It won't be long before someone takes you to task for deciding on the chinese iron. Like John said, it's a personal choice that one bases on budget, space, needs and availability. In a perfect world we'd all have Bridgeports and 10,000 square feet of spare space, but pragmatic reality dictates our choices. There is room for us poor folk in the hobby too...LOL

One item I'd highly recommend from the start is a quick change tool post. The darned things make life so much easier. You can upgrade these little machines in any number of ways and there are plenty of places to find how it's done. Having the mill will allow you to do quite a lot of improvements as you gain skills. Some of us (me) learned to machine by "hot rodding" our equipment to let it do more than it could when we bought it. There is a learning curve, but it is not so steep that one can't negotiate it with a bit of patience and perseverance.


Steve


----------



## JohnS (Dec 9, 2007)

Steve
Absolutely right Steve a QCTP was one of my first mods for my mini lathe followed quickly by a cam-lock tailstock. Details at http://www.gadgetbuilder.com/CamLock.html . Both of these are real timesavers.
JohnS


----------



## Tin Falcon (Dec 9, 2007)

I agree a QC tool holder save lots of time and aggravation. I need to do the cam lock mod on mine as well. Is a pain with out it. 
Tin


----------



## shred (Dec 9, 2007)

I did quick-n-dirty variation of the cam-lock tailstock on my little Atlas-- drilled and tapped a bit of 1" rod the same as the tailstock hold down bolt, then cross-drilled and tapped that new nut to hold a short length of 1/4" rod for a handle.  You need to trial-fit the new nut so as to get the handle in the right spot (note the mistake in the pic), but it works great.


----------



## tmuir (Dec 10, 2007)

I'd already decided as money came available a QCTP was going to be acquired and I have already squirreled plans away on making a cam lock for the tail stock as I could see undoing the bolt on the tailstock becoming tiresome pretty quick.
Only 7 more days until my walls and roof get delivered for my workshop with erection planned to be finished by the 21st of December, unfortunately that doesn't leave me any time to get a concrete floor poured before Christmas so I'm guessing I will be looking at mid January at the earliest before I get my floor down. I guess I should be happy that it is progressing even if not as fast as I would like.


----------



## bob ward (Dec 12, 2007)

There is an AL-60 on ebay at the moment, might be too far away for you though.

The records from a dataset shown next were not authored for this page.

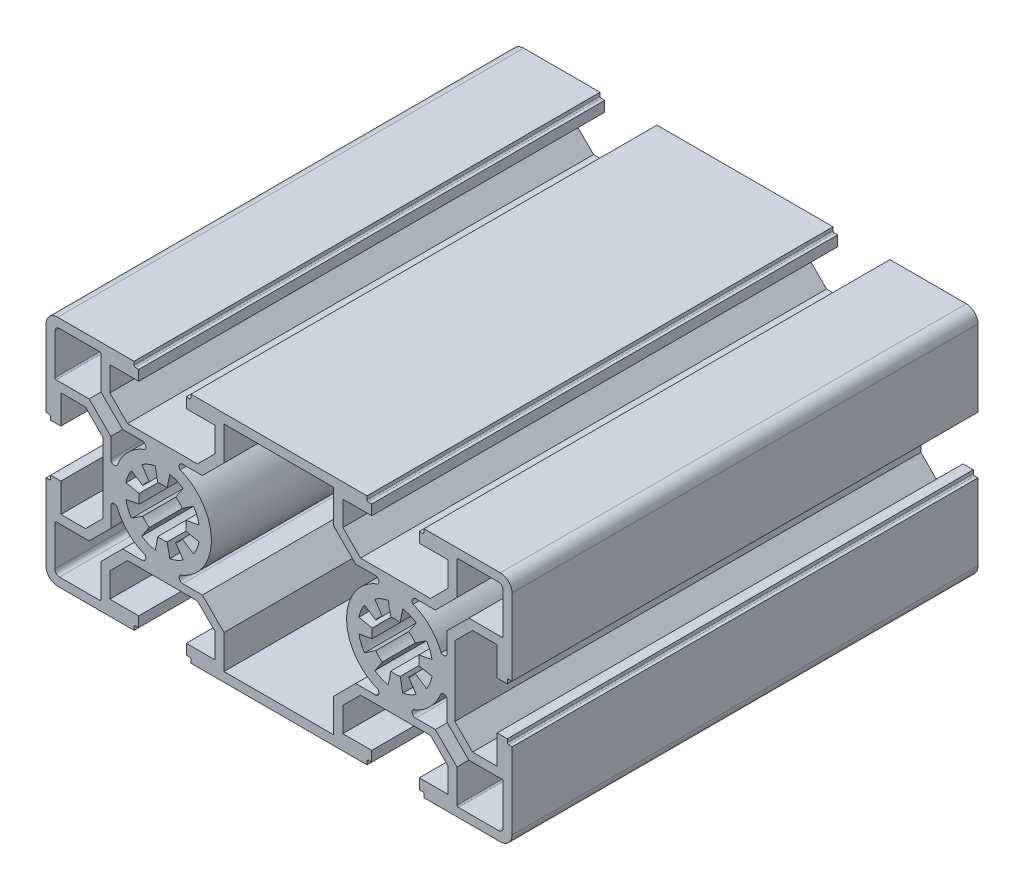
SolidWorks part; units mm, degrees
ref_plane "前视基准面" through (0, 0, 0) normal (0, 0, 1) x (1, 0, 0)
ref_plane "上视基准面" through (0, 0, 0) normal (0, 1, 0) x (1, 0, 0)
ref_plane "右视基准面" through (0, 0, 0) normal (1, 0, 0) x (0, 0, -1)
sketch "草图1" plane through (0, 0, 0) normal (0, 0, 1) x (1, 0, 0)
  line L0 (-30.9772, 25.1514) -> (-47.3772, 25.1514)
  line L1 (-49.8772, 22.6514) -> (-49.8772, 6.2514)
  line L2 (-38.0772, 15.897) -> (-38.0772, 22.9514)
  line L3 (-38.3772, 23.2514) -> (-46.9772, 23.2514)
  line L4 (-47.9772, 22.2514) -> (-47.9772, 13.6514)
  line L5 (-47.6772, 13.3514) -> (-40.6228, 13.3514)
  line L6 (-29.9772, 21.9514) -> (-36.1772, 21.9514)
  line L7 (-29.9772, 24.1514) -> (-30.6772, 24.1514)
  line L8 (-30.9772, 24.4514) -> (-30.9772, 25.1514)
  line L9 (-49.8772, 6.2514) -> (-49.1772, 6.2514)
  line L10 (-48.8772, 5.9514) -> (-48.8772, 5.2514)
  line L11 (-36.1772, 21.9514) -> (-36.1772, 16.684)
  line L12 (-29.9772, 24.1514) -> (-29.9772, 21.9514)
  line L13 (-35.9772, 4.4835) -> (-35.9772, 8.7058)
  line L14 (-29.3218, -6.5004) -> (-27.7106, -4.0891)
  line L15 (-26.4379, -7.6949) -> (-25.8722, -4.8506)
  line L16 (-23.3165, -7.6949) -> (-23.8822, -4.8506)
  line L17 (-20.4326, -6.5004) -> (-22.0438, -4.0891)
  line L18 (-18.2254, -4.2932) -> (-20.6367, -2.682)
  line L19 (-17.0309, -1.4093) -> (-19.8752, -0.8436)
  line L20 (-17.0309, 1.7121) -> (-19.8752, 1.1464)
  line L21 (-18.2254, 4.596) -> (-20.6367, 2.9848)
  line L22 (-20.4326, 6.8032) -> (-22.0438, 4.3919)
  line L23 (-23.3165, 7.9977) -> (-23.8822, 5.1534)
  line L24 (-26.4379, 7.9977) -> (-25.8722, 5.1534)
  line L25 (-29.3218, 6.8032) -> (-27.7106, 4.3919)
  line L26 (-31.529, 4.596) -> (-29.1177, 2.9848)
  line L27 (-32.7235, 1.7121) -> (-29.8792, 1.1464)
  line L28 (-32.7235, -1.4093) -> (-29.8792, -0.8436)
  line L29 (-31.529, -4.2932) -> (-29.1177, -2.682)
  line L30 (-40.6228, 13.3514) -> (-35.9772, 8.7058)
  line L31 (-36.1772, 16.684) -> (-32.3772, 12.884)
  line L32 (-38.0772, 15.897) -> (-33.4316, 11.2514)
  line L33 (-29.2093, 11.2514) -> (-33.4316, 11.2514)
  line L34 (-24.8772, 12.884) -> (-32.3772, 12.884)
  line L35 (-18.7772, 25.1514) -> (2.6228, 25.1514)
  line L36 (-11.6772, 23.1514) -> (2.6228, 23.1514)
  line L37 (-19.7772, 21.9514) -> (-13.5772, 21.9514)
  line L38 (-19.7772, 24.1514) -> (-19.0772, 24.1514)
  line L39 (-18.7772, 24.4514) -> (-18.7772, 25.1514)
  line L40 (-13.5772, 21.9514) -> (-13.5772, 16.684)
  line L41 (-11.6772, 23.1514) -> (-11.6772, 15.897)
  line L42 (-19.7772, 24.1514) -> (-19.7772, 21.9514)
  line L43 (-13.5772, 16.684) -> (-17.3772, 12.884)
  line L44 (-11.6772, 15.897) -> (-16.3228, 11.2514)
  line L45 (-20.5451, 11.2514) -> (-16.3228, 11.2514)
  line L46 (-24.8772, 12.884) -> (-17.3772, 12.884)
  line L47 (-30.9772, -24.8486) -> (-47.3772, -24.8486)
  line L48 (-49.8772, -22.3486) -> (-49.8772, -5.9486)
  line L49 (-38.0772, -15.5942) -> (-38.0772, -22.6486)
  line L50 (-38.3772, -22.9486) -> (-46.9772, -22.9486)
  line L51 (-47.9772, -21.9486) -> (-47.9772, -13.3486)
  line L52 (-47.6772, -13.0486) -> (-40.6228, -13.0486)
  line L53 (-29.9772, -23.8486) -> (-30.6772, -23.8486)
  line L54 (-30.9772, -24.1486) -> (-30.9772, -24.8486)
  line L55 (-49.8772, -5.9486) -> (-49.1772, -5.9486)
  line L56 (-48.8772, -5.6486) -> (-48.8772, -4.9486)
  line L57 (-35.9772, -4.1807) -> (-35.9772, -8.403)
  line L58 (-40.6228, -13.0486) -> (-35.9772, -8.403)
  line L59 (-38.0772, -15.5942) -> (-33.4316, -10.9486)
  line L60 (-29.2093, -10.9486) -> (-33.4316, -10.9486)
  line L61 (-18.7772, -24.8486) -> (2.6228, -24.8486)
  line L62 (-19.7772, -23.8486) -> (-19.0772, -23.8486)
  line L63 (-18.7772, -24.1486) -> (-18.7772, -24.8486)
  line L64 (-11.6772, -15.5942) -> (-16.3228, -10.9486)
  line L65 (-20.5451, -10.9486) -> (-16.3228, -10.9486)
  line L66 (-29.9772, -21.6486) -> (-36.1772, -21.6486)
  line L67 (-36.1772, -21.6486) -> (-36.1772, -16.3812)
  line L68 (-29.9772, -23.8486) -> (-29.9772, -21.6486)
  line L69 (-36.1772, -16.3812) -> (-32.3772, -12.5812)
  line L70 (-24.8772, -12.5812) -> (-32.3772, -12.5812)
  line L71 (-19.7772, -21.6486) -> (-13.5772, -21.6486)
  line L72 (-13.5772, -21.6486) -> (-13.5772, -16.3812)
  line L73 (-19.7772, -23.8486) -> (-19.7772, -21.6486)
  line L74 (-13.5772, -16.3812) -> (-17.3772, -12.5812)
  line L75 (-24.8772, -12.5812) -> (-17.3772, -12.5812)
  line L76 (-46.6772, 5.2514) -> (-46.6772, 11.4514)
  line L77 (-46.6772, 11.4514) -> (-41.4098, 11.4514)
  line L78 (-48.8772, 5.2514) -> (-46.6772, 5.2514)
  line L79 (-41.4098, 11.4514) -> (-37.6098, 7.6514)
  line L80 (-37.6098, 0.1514) -> (-37.6098, 7.6514)
  line L81 (-46.6772, -4.9486) -> (-46.6772, -11.1486)
  line L82 (-46.6772, -11.1486) -> (-41.4098, -11.1486)
  line L83 (-48.8772, -4.9486) -> (-46.6772, -4.9486)
  line L84 (-41.4098, -11.1486) -> (-37.6098, -7.3486)
  line L85 (-37.6098, 0.1514) -> (-37.6098, -7.3486)
  line L86 (19.0228, 25.1514) -> (2.6228, 25.1514)
  line L87 (11.8228, 23.1514) -> (2.6228, 23.1514)
  line L88 (20.0228, 21.9514) -> (13.8228, 21.9514)
  line L89 (20.0228, 24.1514) -> (19.3228, 24.1514)
  line L90 (19.0228, 24.4514) -> (19.0228, 25.1514)
  line L91 (13.8228, 21.9514) -> (13.8228, 16.684)
  line L92 (11.8228, 23.1514) -> (11.8228, 15.997)
  line L93 (20.0228, 24.1514) -> (20.0228, 21.9514)
  line L94 (20.6782, -6.5004) -> (22.2894, -4.0891)
  line L95 (23.5621, -7.6949) -> (24.1278, -4.8506)
  line L96 (26.6835, -7.6949) -> (26.1178, -4.8506)
  line L97 (29.5674, -6.5004) -> (27.9562, -4.0891)
  line L98 (31.7746, -4.2932) -> (29.3633, -2.682)
  line L99 (32.9691, -1.4093) -> (30.1248, -0.8436)
  line L100 (32.9691, 1.7121) -> (30.1248, 1.1464)
  line L101 (31.7746, 4.596) -> (29.3633, 2.9848)
  line L102 (29.5674, 6.8032) -> (27.9562, 4.3919)
  line L103 (26.6835, 7.9977) -> (26.1178, 5.1534)
  line L104 (23.5621, 7.9977) -> (24.1278, 5.1534)
  line L105 (20.6782, 6.8032) -> (22.2894, 4.3919)
  line L106 (18.471, 4.596) -> (20.8823, 2.9848)
  line L107 (17.2765, 1.7121) -> (20.1208, 1.1464)
  line L108 (17.2765, -1.4093) -> (20.1208, -0.8436)
  line L109 (18.471, -4.2932) -> (20.8823, -2.682)
  line L110 (13.8228, 16.684) -> (17.6228, 12.884)
  line L111 (11.8228, 15.997) -> (16.5684, 11.2514)
  line L112 (20.7907, 11.2514) -> (16.5684, 11.2514)
  line L113 (25.1228, 12.884) -> (17.6228, 12.884)
  line L114 (31.2228, 25.1514) -> (47.6228, 25.1514)
  line L115 (50.1228, 22.6514) -> (50.1228, 6.2514)
  line L116 (38.3228, 15.897) -> (38.3228, 22.9514)
  line L117 (38.6228, 23.2514) -> (47.2228, 23.2514)
  line L118 (48.2228, 22.2514) -> (48.2228, 13.6514)
  line L119 (47.9228, 13.3514) -> (40.8684, 13.3514)
  line L120 (30.2228, 21.9514) -> (36.4228, 21.9514)
  line L121 (30.2228, 24.1514) -> (30.9228, 24.1514)
  line L122 (31.2228, 24.4514) -> (31.2228, 25.1514)
  line L123 (50.1228, 6.2514) -> (49.4228, 6.2514)
  line L124 (49.1228, 5.9514) -> (49.1228, 5.2514)
  line L125 (36.4228, 21.9514) -> (36.4228, 16.684)
  line L126 (30.2228, 24.1514) -> (30.2228, 21.9514)
  line L127 (36.2228, 4.4835) -> (36.2228, 8.7058)
  line L128 (40.8684, 13.3514) -> (36.2228, 8.7058)
  line L129 (36.4228, 16.684) -> (32.6228, 12.884)
  line L130 (38.3228, 15.897) -> (33.6772, 11.2514)
  line L131 (29.4549, 11.2514) -> (33.6772, 11.2514)
  line L132 (25.1228, 12.884) -> (32.6228, 12.884)
  line L133 (19.0228, -24.8486) -> (2.6228, -24.8486)
  line L134 (20.0228, -23.8486) -> (19.3228, -23.8486)
  line L135 (19.0228, -24.1486) -> (19.0228, -24.8486)
  line L136 (11.8228, -15.6942) -> (16.5684, -10.9486)
  line L137 (20.7907, -10.9486) -> (16.5684, -10.9486)
  line L138 (31.2228, -24.8486) -> (47.6228, -24.8486)
  line L139 (50.1228, -22.3486) -> (50.1228, -5.9486)
  line L140 (38.3228, -15.5942) -> (38.3228, -22.6486)
  line L141 (38.6228, -22.9486) -> (47.2228, -22.9486)
  line L142 (48.2228, -21.9486) -> (48.2228, -13.3486)
  line L143 (47.9228, -13.0486) -> (40.8684, -13.0486)
  line L144 (30.2228, -23.8486) -> (30.9228, -23.8486)
  line L145 (31.2228, -24.1486) -> (31.2228, -24.8486)
  line L146 (50.1228, -5.9486) -> (49.4228, -5.9486)
  line L147 (49.1228, -5.6486) -> (49.1228, -4.9486)
  line L148 (36.2228, -4.1807) -> (36.2228, -8.403)
  line L149 (40.8684, -13.0486) -> (36.2228, -8.403)
  line L150 (38.3228, -15.5942) -> (33.6772, -10.9486)
  line L151 (29.4549, -10.9486) -> (33.6772, -10.9486)
  line L152 (20.0228, -21.6486) -> (13.8228, -21.6486)
  line L153 (13.8228, -21.6486) -> (13.8228, -16.3812)
  line L154 (20.0228, -23.8486) -> (20.0228, -21.6486)
  line L155 (13.8228, -16.3812) -> (17.6228, -12.5812)
  line L156 (25.1228, -12.5812) -> (17.6228, -12.5812)
  line L157 (30.2228, -21.6486) -> (36.4228, -21.6486)
  line L158 (36.4228, -21.6486) -> (36.4228, -16.3812)
  line L159 (30.2228, -23.8486) -> (30.2228, -21.6486)
  line L160 (36.4228, -16.3812) -> (32.6228, -12.5812)
  line L161 (25.1228, -12.5812) -> (32.6228, -12.5812)
  line L162 (46.9228, 5.2514) -> (46.9228, 11.4514)
  line L163 (46.9228, 11.4514) -> (41.6554, 11.4514)
  line L164 (49.1228, 5.2514) -> (46.9228, 5.2514)
  line L165 (41.6554, 11.4514) -> (37.8554, 7.6514)
  line L166 (37.8554, 0.1514) -> (37.8554, 7.6514)
  line L167 (46.9228, -4.9486) -> (46.9228, -11.1486)
  line L168 (46.9228, -11.1486) -> (41.6554, -11.1486)
  line L169 (49.1228, -4.9486) -> (46.9228, -4.9486)
  line L170 (41.6554, -11.1486) -> (37.8554, -7.3486)
  line L171 (37.8554, 0.1514) -> (37.8554, -7.3486)
  line L172 (-11.6772, -22.8486) -> (2.6228, -22.8486)
  line L173 (-11.6772, -22.8486) -> (-11.6772, -15.5942)
  line L174 (11.8228, -22.8486) -> (2.6228, -22.8486)
  line L175 (11.8228, -22.8486) -> (11.8228, -15.6942)
  arc A0 (-47.3772, 25.1514) -> (-49.8772, 22.6514) centre (-47.3772, 22.6514) ccw
  arc A1 (-38.0772, 22.9514) -> (-38.3772, 23.2514) centre (-38.3772, 22.9514) ccw
  arc A2 (-46.9772, 23.2514) -> (-47.9772, 22.2514) centre (-46.9772, 22.2514) ccw
  arc A3 (-47.9772, 13.6514) -> (-47.6772, 13.3514) centre (-47.6772, 13.6514) ccw
  arc A4 (-30.9772, 24.4514) -> (-30.6772, 24.1514) centre (-30.6772, 24.4514) ccw
  arc A5 (-48.8772, 5.9514) -> (-49.1772, 6.2514) centre (-49.1772, 5.9514) ccw
  arc A6 (-25.8722, -4.8506) -> (-23.8822, -4.8506) centre (-24.8772, 0.1514) ccw
  arc A7 (-22.0438, -4.0891) -> (-20.6367, -2.682) centre (-24.8772, 0.1514) ccw
  arc A8 (-19.8752, -0.8436) -> (-19.8752, 1.1464) centre (-24.8772, 0.1514) ccw
  arc A9 (-20.6367, 2.9848) -> (-22.0438, 4.3919) centre (-24.8772, 0.1514) ccw
  arc A10 (-23.8822, 5.1534) -> (-25.8722, 5.1534) centre (-24.8772, 0.1514) ccw
  arc A11 (-27.7106, 4.3919) -> (-29.1177, 2.9848) centre (-24.8772, 0.1514) ccw
  arc A12 (-29.8792, 1.1464) -> (-29.8792, -0.8436) centre (-24.8772, 0.1514) ccw
  arc A13 (-29.1177, -2.682) -> (-27.7106, -4.0891) centre (-24.8772, 0.1514) ccw
  arc A14 (-29.3218, -6.5004) -> (-26.4379, -7.6949) centre (-24.8772, 0.1514) ccw
  arc A15 (-23.3165, -7.6949) -> (-20.4326, -6.5004) centre (-24.8772, 0.1514) ccw
  arc A16 (-18.2254, -4.2932) -> (-17.0309, -1.4093) centre (-24.8772, 0.1514) ccw
  arc A17 (-17.0309, 1.7121) -> (-18.2254, 4.596) centre (-24.8772, 0.1514) ccw
  arc A18 (-20.4326, 6.8032) -> (-23.3165, 7.9977) centre (-24.8772, 0.1514) ccw
  arc A19 (-26.4379, 7.9977) -> (-29.3218, 6.8032) centre (-24.8772, 0.1514) ccw
  arc A20 (-31.529, 4.596) -> (-32.7235, 1.7121) centre (-24.8772, 0.1514) ccw
  arc A21 (-32.7235, -1.4093) -> (-31.529, -4.2932) centre (-24.8772, 0.1514) ccw
  arc A22 (-28.6618, 9.9456) -> (-34.6714, 3.936) centre (-24.8772, 0.1514) ccw
  arc A23 (-35.9772, 4.4835) -> (-34.6714, 3.936) centre (-35.2095, 4.4835) ccw
  arc A24 (-28.6618, 9.9456) -> (-29.2093, 11.2514) centre (-29.2093, 10.4837) ccw
  arc A25 (-19.0772, 24.1514) -> (-18.7772, 24.4514) centre (-19.0772, 24.4514) ccw
  arc A26 (-15.083, 3.936) -> (-21.0926, 9.9456) centre (-24.8772, 0.1514) ccw
  arc A27 (-20.5451, 11.2514) -> (-21.0926, 9.9456) centre (-20.5451, 10.4837) ccw
  arc A28 (-49.8772, -22.3486) -> (-47.3772, -24.8486) centre (-47.3772, -22.3486) ccw
  arc A29 (-38.3772, -22.9486) -> (-38.0772, -22.6486) centre (-38.3772, -22.6486) ccw
  arc A30 (-47.9772, -21.9486) -> (-46.9772, -22.9486) centre (-46.9772, -21.9486) ccw
  arc A31 (-47.6772, -13.0486) -> (-47.9772, -13.3486) centre (-47.6772, -13.3486) ccw
  arc A32 (-30.6772, -23.8486) -> (-30.9772, -24.1486) centre (-30.6772, -24.1486) ccw
  arc A33 (-49.1772, -5.9486) -> (-48.8772, -5.6486) centre (-49.1772, -5.6486) ccw
  arc A34 (-34.6714, -3.6332) -> (-28.6618, -9.6428) centre (-24.8772, 0.1514) ccw
  arc A35 (-34.6714, -3.6332) -> (-35.9772, -4.1807) centre (-35.2095, -4.1807) ccw
  arc A36 (-29.2093, -10.9486) -> (-28.6618, -9.6428) centre (-29.2093, -10.1809) ccw
  arc A37 (-18.7772, -24.1486) -> (-19.0772, -23.8486) centre (-19.0772, -24.1486) ccw
  arc A38 (-21.0926, -9.6428) -> (-15.083, 3.936) centre (-24.8772, 0.1514) ccw
  arc A39 (-21.0926, -9.6428) -> (-20.5451, -10.9486) centre (-20.5451, -10.1809) ccw
  arc A40 (19.0228, 24.4514) -> (19.3228, 24.1514) centre (19.3228, 24.4514) ccw
  arc A41 (24.1278, -4.8506) -> (26.1178, -4.8506) centre (25.1228, 0.1514) ccw
  arc A42 (27.9562, -4.0891) -> (29.3633, -2.682) centre (25.1228, 0.1514) ccw
  arc A43 (30.1248, -0.8436) -> (30.1248, 1.1464) centre (25.1228, 0.1514) ccw
  arc A44 (29.3633, 2.9848) -> (27.9562, 4.3919) centre (25.1228, 0.1514) ccw
  arc A45 (26.1178, 5.1534) -> (24.1278, 5.1534) centre (25.1228, 0.1514) ccw
  arc A46 (22.2894, 4.3919) -> (20.8823, 2.9848) centre (25.1228, 0.1514) ccw
  arc A47 (20.1208, 1.1464) -> (20.1208, -0.8436) centre (25.1228, 0.1514) ccw
  arc A48 (20.8823, -2.682) -> (22.2894, -4.0891) centre (25.1228, 0.1514) ccw
  arc A49 (20.6782, -6.5004) -> (23.5621, -7.6949) centre (25.1228, 0.1514) ccw
  arc A50 (26.6835, -7.6949) -> (29.5674, -6.5004) centre (25.1228, 0.1514) ccw
  arc A51 (31.7746, -4.2932) -> (32.9691, -1.4093) centre (25.1228, 0.1514) ccw
  arc A52 (32.9691, 1.7121) -> (31.7746, 4.596) centre (25.1228, 0.1514) ccw
  arc A53 (29.5674, 6.8032) -> (26.6835, 7.9977) centre (25.1228, 0.1514) ccw
  arc A54 (23.5621, 7.9977) -> (20.6782, 6.8032) centre (25.1228, 0.1514) ccw
  arc A55 (18.471, 4.596) -> (17.2765, 1.7121) centre (25.1228, 0.1514) ccw
  arc A56 (17.2765, -1.4093) -> (18.471, -4.2932) centre (25.1228, 0.1514) ccw
  arc A57 (21.3382, 9.9456) -> (15.3286, 3.936) centre (25.1228, 0.1514) ccw
  arc A58 (21.3382, 9.9456) -> (20.7907, 11.2514) centre (20.7907, 10.4837) ccw
  arc A59 (50.1228, 22.6514) -> (47.6228, 25.1514) centre (47.6228, 22.6514) ccw
  arc A60 (38.6228, 23.2514) -> (38.3228, 22.9514) centre (38.6228, 22.9514) ccw
  arc A61 (48.2228, 22.2514) -> (47.2228, 23.2514) centre (47.2228, 22.2514) ccw
  arc A62 (47.9228, 13.3514) -> (48.2228, 13.6514) centre (47.9228, 13.6514) ccw
  arc A63 (30.9228, 24.1514) -> (31.2228, 24.4514) centre (30.9228, 24.4514) ccw
  arc A64 (49.4228, 6.2514) -> (49.1228, 5.9514) centre (49.4228, 5.9514) ccw
  arc A65 (34.917, 3.936) -> (28.9074, 9.9456) centre (25.1228, 0.1514) ccw
  arc A66 (34.917, 3.936) -> (36.2228, 4.4835) centre (35.4551, 4.4835) ccw
  arc A67 (29.4549, 11.2514) -> (28.9074, 9.9456) centre (29.4549, 10.4837) ccw
  arc A68 (19.3228, -23.8486) -> (19.0228, -24.1486) centre (19.3228, -24.1486) ccw
  arc A69 (15.3286, 3.936) -> (21.3382, -9.6428) centre (25.1228, 0.1514) ccw
  arc A70 (20.7907, -10.9486) -> (21.3382, -9.6428) centre (20.7907, -10.1809) ccw
  arc A71 (47.6228, -24.8486) -> (50.1228, -22.3486) centre (47.6228, -22.3486) ccw
  arc A72 (38.3228, -22.6486) -> (38.6228, -22.9486) centre (38.6228, -22.6486) ccw
  arc A73 (47.2228, -22.9486) -> (48.2228, -21.9486) centre (47.2228, -21.9486) ccw
  arc A74 (48.2228, -13.3486) -> (47.9228, -13.0486) centre (47.9228, -13.3486) ccw
  arc A75 (31.2228, -24.1486) -> (30.9228, -23.8486) centre (30.9228, -24.1486) ccw
  arc A76 (49.1228, -5.6486) -> (49.4228, -5.9486) centre (49.4228, -5.6486) ccw
  arc A77 (28.9074, -9.6428) -> (34.917, -3.6332) centre (25.1228, 0.1514) ccw
  arc A78 (36.2228, -4.1807) -> (34.917, -3.6332) centre (35.4551, -4.1807) ccw
  arc A79 (28.9074, -9.6428) -> (29.4549, -10.9486) centre (29.4549, -10.1809) ccw
extrude "凸台-拉伸1" add sketch "草图1" along normal blind 100

http://cgi.ebay.com.au/hafco-metalm...ryZ36345QQssPageNameZWDVWQQrdZ1QQcmdZViewItem


----------



## mklotz (Dec 12, 2007)

shred  said:
			
		

> I did quick-n-dirty variation of the cam-lock tailstock on my little Atlas-- drilled and tapped a bit of 1" rod the same as the tailstock hold down bolt, then cross-drilled and tapped that new nut to hold a short length of 1/4" rod for a handle.  You need to trial-fit the new nut so as to get the handle in the right spot (note the mistake in the pic), but it works great.



I've done a number of specialty nuts such as Shred shows on his tailstock.

My (patently obvious, really) hint is to put a couple flats on a small portion of the newly fabricated nut. Then, once it's in place, you can tighten it down with a wrench to the tightness you expect will be needed in use. After doing that mark the position of the required handle on the blank. Loosen with wrench, carry to mill and drill and tap for handle on said mark. That way you'll be assured that the handle is in the right position when the final installation is made.


----------



## tmuir (Dec 13, 2007)

bob ward  said:
			
		

> There is an AL-60 on ebay at the moment, might be too far away for you though.
> 
> http://cgi.ebay.com.au/hafco-metalm...ryZ36345QQssPageNameZWDVWQQrdZ1QQcmdZViewItem



Thanks but thats about 3500km from me.
Courier costs would make it close to new price but I obviously wouldn't have a warranty then.


----------



## Graybeard (Dec 15, 2007)

Sounds like you're going through the same challenge that I am. I started out looking at a Smithy 3-in-1, then the Shopmaster Bridgemaster 3-in-1 (all because of space limitations), and now I'm zeroing in on the Sieg 7x20 lathe and X3 mill. From what I've gathered elsewhere the Sieg lathe may be a hair-bit-better built although it doesn't have the qc gearbox. It's a trade-off. The X3 mill has no competition from what I can see although it gets knocked by some as being under-powered. There is a Super X3, but it isn't available in the U.S.. I don't know about Australia. You may be lucky there.

I too started looking at the smaller mini-lathes because of space, but when I looked at some of the projects that I planned on doing - they were just too small. Ergo, the 7x20's came into focus. Then the X3...my wife is just going to have to learn to live with my taking more space in the garage for a work area. A man can only give up so much! 

Anyhow, good luck!

Cliff.


----------



## tmuir (Dec 20, 2007)

Just had the walls and roof put up on my workshop, its still over a month away before I will be able to use it but I can now guage how much room I will have and it looks like I will have more spave than I thought so I will probably be able to get the bigger one now.


----------